▶ [Exercise directions] Present each line of the entries below that holds the word "ゴシック".

START Excerpted records

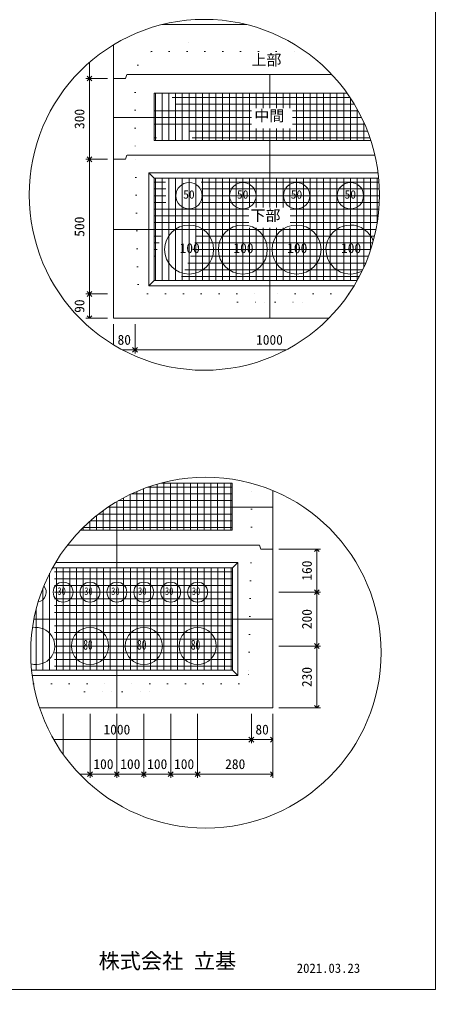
# Model space of a CAD drawing. Units: millimetres, scale not verified. Extents: x -6420 to 6420, y -3038 to 3038.
# Drawn here: x -3825 to -2340, y -2662 to 796 of the extents above; entities that cross this region are included whole.
import ezdxf
from ezdxf.enums import TextEntityAlignment as Align

# ---------------------------------------------------------------- set-up
doc = ezdxf.new("R2010")
doc.units = ezdxf.units.MM
doc.header["$LTSCALE"] = 20
for name, pattern in [('DASHED1', [1.8, 1.2, -0.6]), ('USER2', [50.8, 31.75, -6.35, 6.35, -6.35]), ('USER5', [3.185, 0.01, -3.175])]:
    doc.linetypes.add(name, pattern=pattern)
for name, color, linetype, lineweight in [('0-2_waku', 7, 'Continuous', 18), ('0-3_gaikei', 7, 'Continuous', 18), ('0-4_kakure', 7, 'DASHED1', 5), ('0-5_sunpou', 7, 'Continuous', 5), ('0-7_hole', 7, 'Continuous', 18), ('0-8_uchigawa', 6, 'Continuous', 18), ('0-D_文字１', 7, 'Continuous', 18), ('0-E_コア部分\u3000寸法補助線3', 150, 'USER2', 18), ('0-F_コア部分\u3000寸法補助線2', 150, 'USER2', 18), ('1-0_コア部分\u3000中心補助線', 1, 'Continuous', 18), ('1-1_コア部分\u3000寸法補助線', 7, 'USER2', 5), ('1-2_uchigawa2', 6, 'USER2', 18)]:
    doc.layers.add(name, color=color, linetype=linetype, lineweight=lineweight)
doc.styles.add('ＭＳ ゴシック', font='')
doc.styles.get('ＭＳ ゴシック').set_extended_font_data('MS Gothic')

# ---------------------------------------------------------------- blocks, each defined once
blk = doc.blocks.new('_Open90')
at = {"layer": '0-5_sunpou'}
blk.add_line((0, 0), (-1, 0), dxfattribs=at)
blk.add_lwpolyline([(-0.5, 0.5), (0, 0), (-0.5, -0.5)], dxfattribs=at)

msp = doc.modelspace()

# ---------------------------------------------------------------- linework, layer by layer
at = {"layer": '0-2_waku'}
for p in [(-2339.74, 3037.98), (-6419.74, -2662.02), (-6419.74, -2662.02), (-6419.74, -2662.02), (-6419.74, -2662.02)]:
    msp.add_line(p, (-2339.74, -2662.02), dxfattribs=at)
at = {"layer": '0-3_gaikei'}
for p, q in [((-3316.73, 777.13), (-3244.68, 777.13)), ((-3316.73, 777.13), (-3244.68, 777.13)), ((-3316.73, 777.13), (-3244.68, 777.13)), ((-3013.94, 777.13), (-3316.73, 777.13)), ((-3316.68, 777.13), (-3013.94, 777.13)), ((-3316.68, 777.13), (-3013.94, 777.13)), ((-3489.48, 585.13), (-3489.48, 705.14)), ((-3441.48, 599.53), (-3446.28, 585.13)), ((-2931.86, 599.53), (-3440.66, 599.53)), ((-2710.55, 599.53), (-2932.68, 599.53)), ((-3489.48, 585.13), (-3489.48, -269.27)), ((-3446.28, 585.13), (-3489.48, 585.13)), ((-3446.28, 585.13), (-3489.48, 585.13)), ((-3441.48, 311.53), (-3446.28, 297.13)), ((-2931.86, 311.53), (-3440.66, 311.53)), ((-2556.27, 311.53), (-2932.68, 311.53)), ((-3446.28, 297.13), (-3489.48, 297.13)), ((-3446.28, 297.13), (-3489.48, 297.13)), ((-3489.48, -269.27), (-2721.06, -269.27)), ((-3489.48, -269.27), (-2721.06, -269.27)), ((-3489.48, -269.27), (-2721.06, -269.27)), ((-2920.54, -1360.72), (-2920.54, -883.45)), ((-2968.54, -1077.52), (-2963.74, -1091.92)), ((-2920.54, -1091.92), (-2963.74, -1091.92))]:
    msp.add_line(p, q, dxfattribs=at)
for points in [[(-3752.96, -1658.32), (-2920.54, -1658.32), (-2920.54, -1091.92)], [(-3740.76, -1658.32), (-2920.54, -1658.32), (-2920.54, -1091.92)], [(-2968.54, -1077.52), (-3477.34, -1077.52), (-3653.43, -1077.52)]]:
    msp.add_lwpolyline(points, dxfattribs=at)
at = {"layer": '0-4_kakure', "linetype": 'USER5', "lineweight": 18}
for p, q in [((-3220.68, 777.13), (-3220.68, 793.28)), ((-3220.68, 777.13), (-3220.68, 681.13)), ((-3402.26, 633.13), (-3354.26, 681.13)), ((-3354.26, 681.13), (-2804.55, 681.13)), ((-3402.26, 633.13), (-3411.86, 599.53)), ((-3411.86, 599.53), (-3411.86, 311.53)), ((-3401.95, -149.27), (-3411.86, 311.53)), ((-3401.95, -149.27), (-3367.62, -182.87)), ((-3367.62, -182.87), (-2931.86, -182.87)), ((-3047.06, -211.67), (-3075.86, -182.87)), ((-2649.67, -182.87), (-2931.86, -182.87)), ((-2816.66, -211.67), (-2787.86, -182.87)), ((-3047.06, -211.67), (-2951.06, -211.67)), ((-2951.06, -211.67), (-2947.22, -269.27)), ((-2912.66, -211.67), (-2916.5, -269.27)), ((-2912.66, -211.67), (-2816.66, -211.67)), ((-2997.34, -1077.52), (-2997.34, -857.34)), ((-2997.34, -1077.52), (-3007.25, -1538.32)), ((-3007.25, -1538.32), (-3041.58, -1571.92)), ((-3774.99, -1571.92), (-3477.34, -1571.92)), ((-3592.54, -1600.72), (-3621.34, -1571.92)), ((-3041.58, -1571.92), (-3477.34, -1571.92)), ((-3362.14, -1600.72), (-3333.34, -1571.92)), ((-3592.54, -1600.72), (-3496.54, -1600.72)), ((-3496.54, -1600.72), (-3492.7, -1658.32)), ((-3458.14, -1600.72), (-3461.98, -1658.32)), ((-3458.14, -1600.72), (-3362.14, -1600.72))]:
    msp.add_line(p, q, dxfattribs=at)
at = {"layer": '0-5_sunpou', "color": 150, "lineweight": 18}
for p, q in [((-3575.22, 642.62), (-3575.22, 602.41)), ((-3510.6, 585.13), (-3587.7, 585.13)), ((-3531.72, 585.13), (-3587.7, 585.13)), ((-3575.22, 567.85), (-3575.22, 314.41)), ((-3510.6, 297.13), (-3587.7, 297.13)), ((-3510.6, 297.13), (-3587.7, 297.13)), ((-3575.22, 279.85), (-3575.22, -165.59)), ((-3510.6, -182.87), (-3587.7, -182.87)), ((-3531.72, -182.87), (-3587.7, -182.87)), ((-3575.22, -200.15), (-3575.22, -251.99)), ((-3510.6, -269.27), (-3587.7, -269.27)), ((-3489.48, -290.39), (-3489.48, -364.01)), ((-3412.68, -290.39), (-3412.68, -394.47)), ((-3412.68, -290.39), (-3412.68, -394.47)), ((-3457.76, -381.99), (-3429.96, -381.99)), ((-3395.4, -381.99), (-2872.91, -381.99)), ((-2899.42, -1091.92), (-2751, -1091.92)), ((-2763.48, -1109.2), (-2763.48, -1228.24)), ((-2899.42, -1245.52), (-2751, -1245.52)), ((-2899.42, -1245.52), (-2751, -1245.52)), ((-2763.48, -1262.8), (-2763.48, -1420.24)), ((-2899.42, -1437.52), (-2751, -1437.52)), ((-2899.42, -1437.52), (-2751, -1437.52)), ((-2763.48, -1454.8), (-2763.48, -1641.04)), ((-2899.42, -1658.32), (-2751, -1658.32)), ((-3669.34, -1679.44), (-3669.34, -1823.18)), ((-3573.34, -1679.44), (-3573.34, -1906.72)), ((-3573.34, -1679.44), (-3573.34, -1906.72)), ((-3477.34, -1679.44), (-3477.34, -1906.72)), ((-3477.34, -1679.44), (-3477.34, -1906.72)), ((-3381.34, -1679.44), (-3381.34, -1906.72)), ((-3381.34, -1679.44), (-3381.34, -1906.72)), ((-3285.34, -1679.44), (-3285.34, -1906.72)), ((-3285.34, -1679.44), (-3285.34, -1906.72)), ((-3189.34, -1679.44), (-3189.34, -1906.72)), ((-3189.34, -1679.44), (-3189.34, -1906.72)), ((-2997.34, -1679.44), (-2997.34, -1783.53)), ((-2997.34, -1679.44), (-2997.34, -1783.53)), ((-2920.54, -1679.44), (-2920.54, -1783.53)), ((-2920.54, -1679.44), (-2920.54, -1906.72)), ((-3702.63, -1771.05), (-3014.62, -1771.05)), ((-2980.06, -1771.05), (-2937.82, -1771.05)), ((-3610.49, -1894.24), (-3590.62, -1894.24)), ((-3556.06, -1894.24), (-3494.62, -1894.24)), ((-3460.06, -1894.24), (-3398.62, -1894.24)), ((-3364.06, -1894.24), (-3302.62, -1894.24)), ((-3268.06, -1894.24), (-3206.62, -1894.24)), ((-3172.06, -1894.24), (-2937.82, -1894.24))]:
    msp.add_line(p, q, dxfattribs=at)
for centre in [(-3165.34, 170.57), (-3159.73, -1461.06)]:
    msp.add_circle(centre, 625.17, dxfattribs=at)
at = {"layer": '0-7_hole'}
for centre, radius in [((-3219.86, 167.53), 47.04), ((-3027.86, 167.53), 47.04), ((-2835.86, 167.53), 47.04), ((-2643.86, 167.53), 47.04), ((-3219.86, -24.47), 87.36), ((-3027.86, -24.47), 87.36), ((-2835.86, -24.47), 87.36), ((-3669.34, -1245.52), 35.52), ((-3573.34, -1245.52), 35.52), ((-3477.34, -1245.52), 35.52), ((-3381.34, -1245.52), 35.52), ((-3285.34, -1245.52), 35.52), ((-3189.34, -1245.52), 35.52), ((-3573.34, -1437.52), 66.24), ((-3381.34, -1437.52), 66.24), ((-3189.34, -1437.52), 66.24)]:
    msp.add_circle(centre, radius, dxfattribs=at)
for centre, radius, start, end in [((-2643.86, -24.47), 87.36, 20.66629, 298.32089), ((-3765.34, -1245.52), 35.52, 281.59033, 39.2294), ((-3765.34, -1437.52), 66.24, 253.99064, 101.55918)]:
    msp.add_arc(centre, radius, start, end, dxfattribs=at)
at = {"layer": '0-8_uchigawa'}
for p, q in [((-3363.86, 249.13), (-3344.66, 229.93)), ((-3363.86, -154.07), (-3363.86, 249.13)), ((-3344.66, 229.93), (-2931.86, 229.93)), ((-3344.66, -134.87), (-3344.66, 229.93)), ((-2931.86, 229.93), (-2542.99, 229.93)), ((-3363.86, -154.07), (-3344.66, -134.87)), ((-3344.66, -134.87), (-2619.86, -134.87)), ((-3363.86, -154.07), (-2631.07, -154.07)), ((-3045.34, -1543.12), (-3045.34, -1139.92)), ((-3064.54, -1523.92), (-3064.54, -1159.12)), ((-3781.73, -1523.92), (-3064.54, -1523.92)), ((-3779.49, -1543.12), (-3045.34, -1543.12)), ((-3045.34, -1543.12), (-3064.54, -1523.92))]:
    msp.add_line(p, q, dxfattribs=at)
for points in [[(-3363.86, 249.13), (-2931.86, 249.13), (-2545.12, 249.13)], [(-3707.15, -1159.12), (-3477.34, -1159.12), (-3064.54, -1159.12), (-3045.34, -1139.92)], [(-3696.11, -1139.92), (-3477.34, -1139.92), (-3045.34, -1139.92)]]:
    msp.add_lwpolyline(points, dxfattribs=at)
at = {"layer": '0-E_コア部分\u3000寸法補助線3'}
for p, q in [((-3339.86, 364.33), (-3339.86, 532.33)), ((-3291.86, 364.33), (-3291.86, 532.33)), ((-3243.86, 364.33), (-3243.86, 532.33)), ((-3195.86, 364.33), (-3195.86, 532.33)), ((-3147.86, 364.33), (-3147.86, 532.33)), ((-3099.86, 364.33), (-3099.86, 532.33)), ((-3051.86, 364.33), (-3051.86, 532.33)), ((-3003.86, 364.33), (-3003.86, 532.33)), ((-2955.86, 479.3), (-2955.86, 532.33)), ((-2907.86, 479.3), (-2907.86, 532.33)), ((-2859.86, 479.3), (-2859.86, 532.33)), ((-2811.86, 364.33), (-2811.86, 532.33)), ((-2763.86, 364.33), (-2763.86, 532.33)), ((-2715.86, 364.33), (-2715.86, 532.33)), ((-2667.86, 364.33), (-2667.86, 532.33)), ((-2997.19, 469.93), (-3344.66, 469.93)), ((-2616.5, 469.93), (-2850.3, 469.93)), ((-2619.86, 364.33), (-2619.86, 476)), ((-2997.19, 421.93), (-3344.66, 421.93)), ((-2592.93, 421.93), (-2850.3, 421.93)), ((-2955.86, 364.33), (-2955.86, 407.43)), ((-2907.86, 364.33), (-2907.86, 407.43)), ((-2859.86, 364.33), (-2859.86, 407.43)), ((-2571.86, 364.33), (-2571.86, 367.08)), ((-2541.79, 215.53), (-3344.66, 215.53)), ((-3339.86, -134.87), (-3339.86, 229.93)), ((-3291.86, -134.87), (-3291.86, 229.93)), ((-3243.86, -134.87), (-3243.86, 229.93)), ((-3195.86, -134.87), (-3195.86, 229.93)), ((-3147.86, -134.87), (-3147.86, 229.93)), ((-3099.86, -134.87), (-3099.86, 229.93)), ((-3051.86, -134.87), (-3051.86, 229.93)), ((-3003.86, 124.9), (-3003.86, 229.93)), ((-2955.86, 124.9), (-2955.86, 229.93)), ((-2907.86, 124.9), (-2907.86, 229.93)), ((-2859.86, 124.9), (-2859.86, 229.93)), ((-2811.86, -134.87), (-2811.86, 229.93)), ((-2763.86, -134.87), (-2763.86, 229.93)), ((-2715.86, -134.87), (-2715.86, 229.93)), ((-2667.86, -134.87), (-2667.86, 229.93)), ((-2619.86, -134.87), (-2619.86, 229.93)), ((-2571.86, -25.95), (-2571.86, 229.93)), ((-2540.17, 167.53), (-3344.66, 167.53)), ((-3006.02, 119.53), (-3344.66, 119.53)), ((-2542.25, 119.53), (-2859.14, 119.53)), ((-3006.02, 71.53), (-3344.66, 71.53)), ((-2548.06, 71.53), (-2859.14, 71.53)), ((-3003.86, -134.87), (-3003.86, 53.03)), ((-2955.86, -134.87), (-2955.86, 53.03)), ((-2907.86, -134.87), (-2907.86, 53.03)), ((-2859.86, -134.87), (-2859.86, 53.03)), ((-2557.71, 23.53), (-3344.66, 23.53)), ((-2571.37, -24.47), (-3344.66, -24.47)), ((-2589.34, -72.47), (-3344.66, -72.47)), ((-2612.04, -120.47), (-3344.66, -120.47)), ((-3310.16, -1024.72), (-3310.16, -856.72)), ((-3262.16, -1024.72), (-3262.16, -856.72)), ((-3214.16, -1024.72), (-3214.16, -856.72)), ((-3166.16, -1024.72), (-3166.16, -856.72)), ((-3118.16, -1024.72), (-3118.16, -856.72)), ((-3070.16, -1024.72), (-3070.16, -856.72)), ((-3406.16, -1024.72), (-3406.16, -886.5)), ((-3358.16, -1024.72), (-3358.16, -868.21)), ((-3065.36, -919.12), (-3471.41, -919.12)), ((-3454.16, -1024.72), (-3454.16, -909.56)), ((-3065.36, -967.12), (-3542.96, -967.12)), ((-3502.16, -1024.72), (-3502.16, -938.01)), ((-3550.16, -1024.72), (-3550.16, -972.79)), ((-3598.16, -1024.72), (-3598.16, -1015.39)), ((-3064.54, -1173.52), (-3714.85, -1173.52)), ((-3693.34, -1523.92), (-3693.34, -1159.12)), ((-3645.34, -1523.92), (-3645.34, -1159.12)), ((-3597.34, -1523.92), (-3597.34, -1159.12)), ((-3549.34, -1523.92), (-3549.34, -1159.12)), ((-3501.34, -1523.92), (-3501.34, -1159.12)), ((-3453.34, -1523.92), (-3453.34, -1159.12)), ((-3405.34, -1523.92), (-3405.34, -1159.12)), ((-3357.34, -1523.92), (-3357.34, -1159.12)), ((-3309.34, -1523.92), (-3309.34, -1159.12)), ((-3261.34, -1523.92), (-3261.34, -1159.12)), ((-3213.34, -1523.92), (-3213.34, -1159.12)), ((-3165.34, -1523.92), (-3165.34, -1159.12)), ((-3117.34, -1523.92), (-3117.34, -1159.12)), ((-3069.34, -1523.92), (-3069.34, -1159.12)), ((-3741.34, -1523.92), (-3741.34, -1231.78)), ((-3064.54, -1221.52), (-3737.19, -1221.52)), ((-3064.54, -1269.52), (-3754.83, -1269.52)), ((-3064.54, -1317.52), (-3768.2, -1317.52)), ((-3064.54, -1365.52), (-3777.55, -1365.52)), ((-3064.54, -1413.52), (-3783.09, -1413.52)), ((-3064.54, -1461.52), (-3784.9, -1461.52)), ((-3064.54, -1509.52), (-3783.01, -1509.52))]:
    msp.add_line(p, q, dxfattribs=at)
at = {"layer": '0-F_コア部分\u3000寸法補助線2'}
for p, q in [((-3315.86, 364.33), (-3315.86, 532.33)), ((-3267.86, 364.33), (-3267.86, 532.33)), ((-3219.86, 364.33), (-3219.86, 532.33)), ((-3171.86, 364.33), (-3171.86, 532.33)), ((-3075.86, 364.33), (-3075.86, 532.33)), ((-2979.86, 479.3), (-2979.86, 532.33)), ((-2883.86, 479.3), (-2883.86, 532.33)), ((-2787.86, 364.33), (-2787.86, 532.33)), ((-2691.86, 364.33), (-2691.86, 532.33)), ((-2630.29, 493.93), (-3344.66, 493.93)), ((-2595.86, 364.33), (-2595.86, 428.5)), ((-2582.98, 397.93), (-3344.66, 397.93)), ((-2979.86, 364.33), (-2979.86, 407.43)), ((-2883.86, 364.33), (-2883.86, 407.43)), ((-3267.86, -134.87), (-3267.86, 229.93)), ((-3219.86, -134.87), (-3219.86, 229.93)), ((-3171.86, -134.87), (-3171.86, 229.93)), ((-3075.86, -134.87), (-3075.86, 229.93)), ((-2979.86, 124.9), (-2979.86, 229.93)), ((-2883.86, 124.9), (-2883.86, 229.93)), ((-2787.86, -134.87), (-2787.86, 229.93)), ((-2691.86, -134.87), (-2691.86, 229.93)), ((-2595.86, -87.37), (-2595.86, 229.93)), ((-2540.52, 191.53), (-3344.66, 191.53)), ((-3006.02, 95.53), (-3344.66, 95.53)), ((-2544.69, 95.53), (-2859.14, 95.53)), ((-2979.86, -134.87), (-2979.86, 53.03)), ((-2883.86, -134.87), (-2883.86, 53.03)), ((-2564.02, -0.47), (-3344.66, -0.47)), ((-2600.07, -96.47), (-3344.66, -96.47)), ((-3334.16, -1024.72), (-3334.16, -860.71)), ((-3238.16, -1024.72), (-3238.16, -856.72)), ((-3142.16, -1024.72), (-3142.16, -856.72)), ((-3430.16, -1024.72), (-3430.16, -897.4)), ((-3065.36, -895.12), (-3425.36, -895.12)), ((-3526.16, -1024.72), (-3526.16, -954.53)), ((-3065.36, -991.12), (-3572.04, -991.12)), ((-3621.34, -1523.92), (-3621.34, -1159.12)), ((-3525.34, -1523.92), (-3525.34, -1159.12)), ((-3429.34, -1523.92), (-3429.34, -1159.12)), ((-3333.34, -1523.92), (-3333.34, -1159.12)), ((-3237.34, -1523.92), (-3237.34, -1159.12)), ((-3141.34, -1523.92), (-3141.34, -1159.12)), ((-3064.54, -1197.52), (-3726.64, -1197.52)), ((-3717.34, -1523.92), (-3717.34, -1178.38)), ((-3765.34, -1523.92), (-3765.34, -1305.9)), ((-3064.54, -1293.52), (-3762.03, -1293.52)), ((-3064.54, -1389.52), (-3780.79, -1389.52)), ((-3064.54, -1485.52), (-3784.42, -1485.52))]:
    msp.add_line(p, q, dxfattribs=at)
at = {"layer": '1-0_コア部分\u3000中心補助線'}
for p, q in [((-2931.86, 479.3), (-2931.86, 599.53)), ((-2997.19, 445.93), (-3489.48, 445.93)), ((-2604.08, 445.93), (-2850.3, 445.93)), ((-2931.86, 311.53), (-2931.86, 407.43)), ((-2931.86, 124.9), (-2931.86, 311.53)), ((-3488.66, 47.53), (-2552.39, 47.53)), ((-2931.86, -269.27), (-2931.86, 53.03)), ((-3478.16, -1077.52), (-3478.16, -923.06)), ((-2922.17, -943.12), (-3509.85, -943.12)), ((-3477.34, -1658.32), (-3477.34, -1077.52)), ((-3773.36, -1341.52), (-2920.54, -1341.52))]:
    msp.add_line(p, q, dxfattribs=at)
at = {"layer": '1-1_コア部分\u3000寸法補助線'}
for p, q in [((-3315.86, 364.33), (-3315.86, 532.33)), ((-3219.86, 364.33), (-3219.86, 532.33)), ((-3123.86, 364.33), (-3123.86, 532.33)), ((-3027.86, 364.33), (-3027.86, 532.33)), ((-2835.86, 364.33), (-2835.86, 532.33)), ((-2739.86, 364.33), (-2739.86, 532.33)), ((-2645.55, 517.93), (-3344.66, 517.93)), ((-2643.86, 364.33), (-2643.86, 515.38)), ((-2574.17, 373.93), (-3344.66, 373.93)), ((-3315.86, -134.87), (-3315.86, 229.93)), ((-3219.86, -134.87), (-3219.86, 229.93)), ((-3123.86, -134.87), (-3123.86, 229.93)), ((-3027.86, -134.87), (-3027.86, 229.93)), ((-2835.86, -134.87), (-2835.86, 229.93)), ((-2739.86, -134.87), (-2739.86, 229.93)), ((-2643.86, -134.87), (-2643.86, 229.93)), ((-2547.86, 72.82), (-2547.86, 229.93)), ((-2540.75, 143.53), (-3344.66, 143.53)), ((-2579.8, -48.47), (-3344.66, -48.47)), ((-3286.16, -1024.72), (-3286.16, -856.72)), ((-3190.16, -1024.72), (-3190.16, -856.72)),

END Excerpted records

▶ [Reply]
doc.styles.add('ＭＳ ゴシック', font='')
doc.styles.get('ＭＳ ゴシック').set_extended_font_data('MS Gothic')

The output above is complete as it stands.